▶ **Work request**:
Retrieve all lines below that have the string "centre".
-- Dataset extract follows --
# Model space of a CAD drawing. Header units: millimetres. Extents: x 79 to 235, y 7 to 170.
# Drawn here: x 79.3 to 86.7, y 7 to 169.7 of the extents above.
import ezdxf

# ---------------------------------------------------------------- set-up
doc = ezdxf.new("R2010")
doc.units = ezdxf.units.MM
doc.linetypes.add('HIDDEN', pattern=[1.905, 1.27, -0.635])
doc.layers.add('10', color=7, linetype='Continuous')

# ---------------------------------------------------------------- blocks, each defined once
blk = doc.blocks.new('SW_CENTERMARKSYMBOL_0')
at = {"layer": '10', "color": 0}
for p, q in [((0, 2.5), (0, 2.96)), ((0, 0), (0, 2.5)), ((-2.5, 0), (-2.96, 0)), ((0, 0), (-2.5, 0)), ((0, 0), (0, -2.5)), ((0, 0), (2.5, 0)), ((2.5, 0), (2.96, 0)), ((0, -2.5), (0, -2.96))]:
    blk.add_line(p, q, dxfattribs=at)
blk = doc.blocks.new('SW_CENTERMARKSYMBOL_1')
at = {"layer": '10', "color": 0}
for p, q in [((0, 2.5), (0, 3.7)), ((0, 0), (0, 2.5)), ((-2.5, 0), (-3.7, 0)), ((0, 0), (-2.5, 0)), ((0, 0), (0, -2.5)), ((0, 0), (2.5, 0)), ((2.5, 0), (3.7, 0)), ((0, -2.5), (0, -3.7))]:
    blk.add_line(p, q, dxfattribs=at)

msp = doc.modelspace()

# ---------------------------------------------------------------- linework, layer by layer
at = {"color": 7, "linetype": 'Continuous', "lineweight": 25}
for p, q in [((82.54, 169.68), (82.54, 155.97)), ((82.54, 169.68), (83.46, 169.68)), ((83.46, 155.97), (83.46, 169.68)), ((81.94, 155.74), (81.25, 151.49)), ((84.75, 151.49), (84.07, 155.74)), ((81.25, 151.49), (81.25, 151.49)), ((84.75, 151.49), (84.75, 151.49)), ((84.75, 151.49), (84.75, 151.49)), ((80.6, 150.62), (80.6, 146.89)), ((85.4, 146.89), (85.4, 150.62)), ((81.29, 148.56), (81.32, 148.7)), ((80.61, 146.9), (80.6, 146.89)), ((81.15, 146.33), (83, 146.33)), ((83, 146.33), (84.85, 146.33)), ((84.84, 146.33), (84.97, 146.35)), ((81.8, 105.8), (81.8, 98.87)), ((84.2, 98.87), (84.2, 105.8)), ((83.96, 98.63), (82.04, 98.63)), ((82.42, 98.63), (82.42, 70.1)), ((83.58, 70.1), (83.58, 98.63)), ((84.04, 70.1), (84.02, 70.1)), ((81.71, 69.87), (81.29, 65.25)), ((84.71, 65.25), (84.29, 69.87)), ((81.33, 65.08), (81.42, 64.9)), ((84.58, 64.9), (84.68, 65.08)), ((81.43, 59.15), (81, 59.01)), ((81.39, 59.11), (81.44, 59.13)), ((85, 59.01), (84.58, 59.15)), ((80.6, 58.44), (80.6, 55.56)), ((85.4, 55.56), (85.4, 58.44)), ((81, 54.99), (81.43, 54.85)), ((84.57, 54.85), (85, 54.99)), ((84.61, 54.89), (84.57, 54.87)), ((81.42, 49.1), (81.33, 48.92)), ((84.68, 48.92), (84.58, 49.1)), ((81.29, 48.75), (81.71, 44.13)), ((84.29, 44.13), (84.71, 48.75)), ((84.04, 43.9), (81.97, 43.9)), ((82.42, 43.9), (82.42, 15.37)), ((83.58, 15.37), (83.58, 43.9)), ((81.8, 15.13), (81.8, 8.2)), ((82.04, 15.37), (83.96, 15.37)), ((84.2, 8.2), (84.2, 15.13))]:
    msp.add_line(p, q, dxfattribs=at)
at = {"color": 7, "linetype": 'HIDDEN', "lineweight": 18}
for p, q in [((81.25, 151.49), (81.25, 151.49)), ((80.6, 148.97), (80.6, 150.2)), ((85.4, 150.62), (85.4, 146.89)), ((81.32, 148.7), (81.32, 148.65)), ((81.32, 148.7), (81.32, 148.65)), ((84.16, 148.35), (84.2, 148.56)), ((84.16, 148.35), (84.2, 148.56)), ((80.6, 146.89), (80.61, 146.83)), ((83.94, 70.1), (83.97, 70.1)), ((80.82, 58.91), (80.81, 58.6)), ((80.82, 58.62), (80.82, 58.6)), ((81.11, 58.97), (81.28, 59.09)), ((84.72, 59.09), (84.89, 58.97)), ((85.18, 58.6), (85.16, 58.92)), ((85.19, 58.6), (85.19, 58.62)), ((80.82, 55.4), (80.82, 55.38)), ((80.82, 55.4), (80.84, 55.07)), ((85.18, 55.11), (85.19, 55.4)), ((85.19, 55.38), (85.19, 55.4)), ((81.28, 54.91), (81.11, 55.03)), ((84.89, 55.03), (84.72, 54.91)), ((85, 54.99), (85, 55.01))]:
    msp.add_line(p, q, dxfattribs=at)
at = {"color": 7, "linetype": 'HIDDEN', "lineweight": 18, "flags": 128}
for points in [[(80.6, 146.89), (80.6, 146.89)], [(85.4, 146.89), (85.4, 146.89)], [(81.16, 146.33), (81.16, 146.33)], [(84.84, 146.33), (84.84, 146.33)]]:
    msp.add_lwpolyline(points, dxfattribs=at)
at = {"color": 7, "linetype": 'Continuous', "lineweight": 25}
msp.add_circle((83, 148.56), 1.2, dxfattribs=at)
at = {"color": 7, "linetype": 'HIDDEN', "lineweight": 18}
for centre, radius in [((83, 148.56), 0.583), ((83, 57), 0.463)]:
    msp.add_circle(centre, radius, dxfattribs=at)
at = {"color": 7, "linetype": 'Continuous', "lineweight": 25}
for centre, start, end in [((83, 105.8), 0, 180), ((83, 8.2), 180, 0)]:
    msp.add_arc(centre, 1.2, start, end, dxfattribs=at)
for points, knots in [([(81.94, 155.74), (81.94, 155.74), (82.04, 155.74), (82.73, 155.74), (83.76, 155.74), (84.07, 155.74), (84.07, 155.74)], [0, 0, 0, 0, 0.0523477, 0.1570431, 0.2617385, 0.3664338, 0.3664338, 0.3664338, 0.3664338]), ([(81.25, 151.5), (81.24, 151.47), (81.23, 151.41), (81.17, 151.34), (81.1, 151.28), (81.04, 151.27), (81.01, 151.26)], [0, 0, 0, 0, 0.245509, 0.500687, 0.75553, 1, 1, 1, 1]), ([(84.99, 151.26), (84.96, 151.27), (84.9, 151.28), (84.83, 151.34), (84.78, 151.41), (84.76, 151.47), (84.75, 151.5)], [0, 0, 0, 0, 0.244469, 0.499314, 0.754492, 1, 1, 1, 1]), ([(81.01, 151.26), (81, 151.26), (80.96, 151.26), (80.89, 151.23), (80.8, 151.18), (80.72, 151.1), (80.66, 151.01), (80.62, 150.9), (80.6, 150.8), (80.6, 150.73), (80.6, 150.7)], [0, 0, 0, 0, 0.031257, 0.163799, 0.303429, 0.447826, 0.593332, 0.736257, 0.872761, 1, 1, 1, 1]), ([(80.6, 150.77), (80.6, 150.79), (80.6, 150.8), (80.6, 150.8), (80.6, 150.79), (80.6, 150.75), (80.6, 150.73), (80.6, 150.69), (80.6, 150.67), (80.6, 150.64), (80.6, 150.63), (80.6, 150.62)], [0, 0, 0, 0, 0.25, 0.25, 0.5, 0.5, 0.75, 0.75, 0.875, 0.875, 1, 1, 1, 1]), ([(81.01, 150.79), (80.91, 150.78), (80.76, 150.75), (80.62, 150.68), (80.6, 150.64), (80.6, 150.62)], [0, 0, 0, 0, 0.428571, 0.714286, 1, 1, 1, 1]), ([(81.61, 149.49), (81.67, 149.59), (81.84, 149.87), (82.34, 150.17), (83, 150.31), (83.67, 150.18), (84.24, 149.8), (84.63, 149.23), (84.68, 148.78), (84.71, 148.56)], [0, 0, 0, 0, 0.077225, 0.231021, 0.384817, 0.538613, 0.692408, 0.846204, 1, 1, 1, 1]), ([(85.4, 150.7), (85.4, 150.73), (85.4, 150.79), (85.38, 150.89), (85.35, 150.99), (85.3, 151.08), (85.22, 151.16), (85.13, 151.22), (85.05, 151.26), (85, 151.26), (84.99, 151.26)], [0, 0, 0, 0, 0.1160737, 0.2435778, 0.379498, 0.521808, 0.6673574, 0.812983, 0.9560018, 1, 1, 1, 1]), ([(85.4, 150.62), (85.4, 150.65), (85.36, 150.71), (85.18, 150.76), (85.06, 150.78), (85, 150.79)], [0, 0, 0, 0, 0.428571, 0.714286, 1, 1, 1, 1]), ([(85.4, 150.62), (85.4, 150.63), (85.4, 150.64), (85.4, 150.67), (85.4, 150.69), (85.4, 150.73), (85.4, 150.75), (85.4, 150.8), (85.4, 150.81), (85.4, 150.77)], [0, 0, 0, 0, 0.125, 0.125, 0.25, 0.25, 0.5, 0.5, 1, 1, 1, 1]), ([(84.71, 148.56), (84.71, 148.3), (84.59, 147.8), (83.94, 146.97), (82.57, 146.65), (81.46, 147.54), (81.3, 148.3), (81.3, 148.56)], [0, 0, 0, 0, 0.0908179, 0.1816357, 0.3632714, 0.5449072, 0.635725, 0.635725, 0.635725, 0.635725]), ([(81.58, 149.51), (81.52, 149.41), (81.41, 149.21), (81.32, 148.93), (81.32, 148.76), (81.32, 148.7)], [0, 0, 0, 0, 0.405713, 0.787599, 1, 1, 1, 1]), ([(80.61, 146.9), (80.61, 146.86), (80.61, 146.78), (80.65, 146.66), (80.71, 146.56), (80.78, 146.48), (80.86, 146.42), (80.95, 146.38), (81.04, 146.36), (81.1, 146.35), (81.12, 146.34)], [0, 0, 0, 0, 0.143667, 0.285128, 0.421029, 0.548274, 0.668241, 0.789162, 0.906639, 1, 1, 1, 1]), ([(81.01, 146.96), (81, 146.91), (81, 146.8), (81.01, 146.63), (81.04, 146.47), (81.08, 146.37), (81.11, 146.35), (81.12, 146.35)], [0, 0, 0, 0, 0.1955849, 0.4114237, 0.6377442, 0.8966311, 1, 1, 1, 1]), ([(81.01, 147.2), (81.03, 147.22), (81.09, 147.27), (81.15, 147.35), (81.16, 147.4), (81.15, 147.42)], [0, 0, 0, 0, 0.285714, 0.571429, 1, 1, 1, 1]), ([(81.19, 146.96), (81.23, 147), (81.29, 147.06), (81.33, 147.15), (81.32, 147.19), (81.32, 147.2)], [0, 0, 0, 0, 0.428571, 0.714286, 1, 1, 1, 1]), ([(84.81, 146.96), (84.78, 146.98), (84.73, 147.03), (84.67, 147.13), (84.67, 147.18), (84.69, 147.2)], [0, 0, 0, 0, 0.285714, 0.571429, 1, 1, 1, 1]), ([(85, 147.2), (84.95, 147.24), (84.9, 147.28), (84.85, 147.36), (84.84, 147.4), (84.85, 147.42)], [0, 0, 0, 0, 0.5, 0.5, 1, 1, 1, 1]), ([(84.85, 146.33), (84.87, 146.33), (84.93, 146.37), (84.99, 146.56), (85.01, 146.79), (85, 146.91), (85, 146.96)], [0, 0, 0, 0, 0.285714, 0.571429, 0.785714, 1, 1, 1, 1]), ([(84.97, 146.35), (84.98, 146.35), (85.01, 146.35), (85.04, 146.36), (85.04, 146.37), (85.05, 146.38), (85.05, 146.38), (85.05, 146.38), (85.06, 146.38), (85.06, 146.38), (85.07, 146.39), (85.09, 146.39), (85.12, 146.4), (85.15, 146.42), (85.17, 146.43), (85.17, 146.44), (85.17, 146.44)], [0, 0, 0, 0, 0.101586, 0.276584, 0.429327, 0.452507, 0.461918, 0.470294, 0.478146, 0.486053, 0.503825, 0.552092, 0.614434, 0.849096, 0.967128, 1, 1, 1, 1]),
-- Dataset extract concluded --
▶ **Output**:
for centre, radius in [((83, 148.56), 0.583), ((83, 57), 0.463)]:
    msp.add_circle(centre, radius, dxfattribs=at)
for centre, start, end in [((83, 105.8), 0, 180), ((83, 8.2), 180, 0)]:
    msp.add_arc(centre, 1.2, start, end, dxfattribs=at)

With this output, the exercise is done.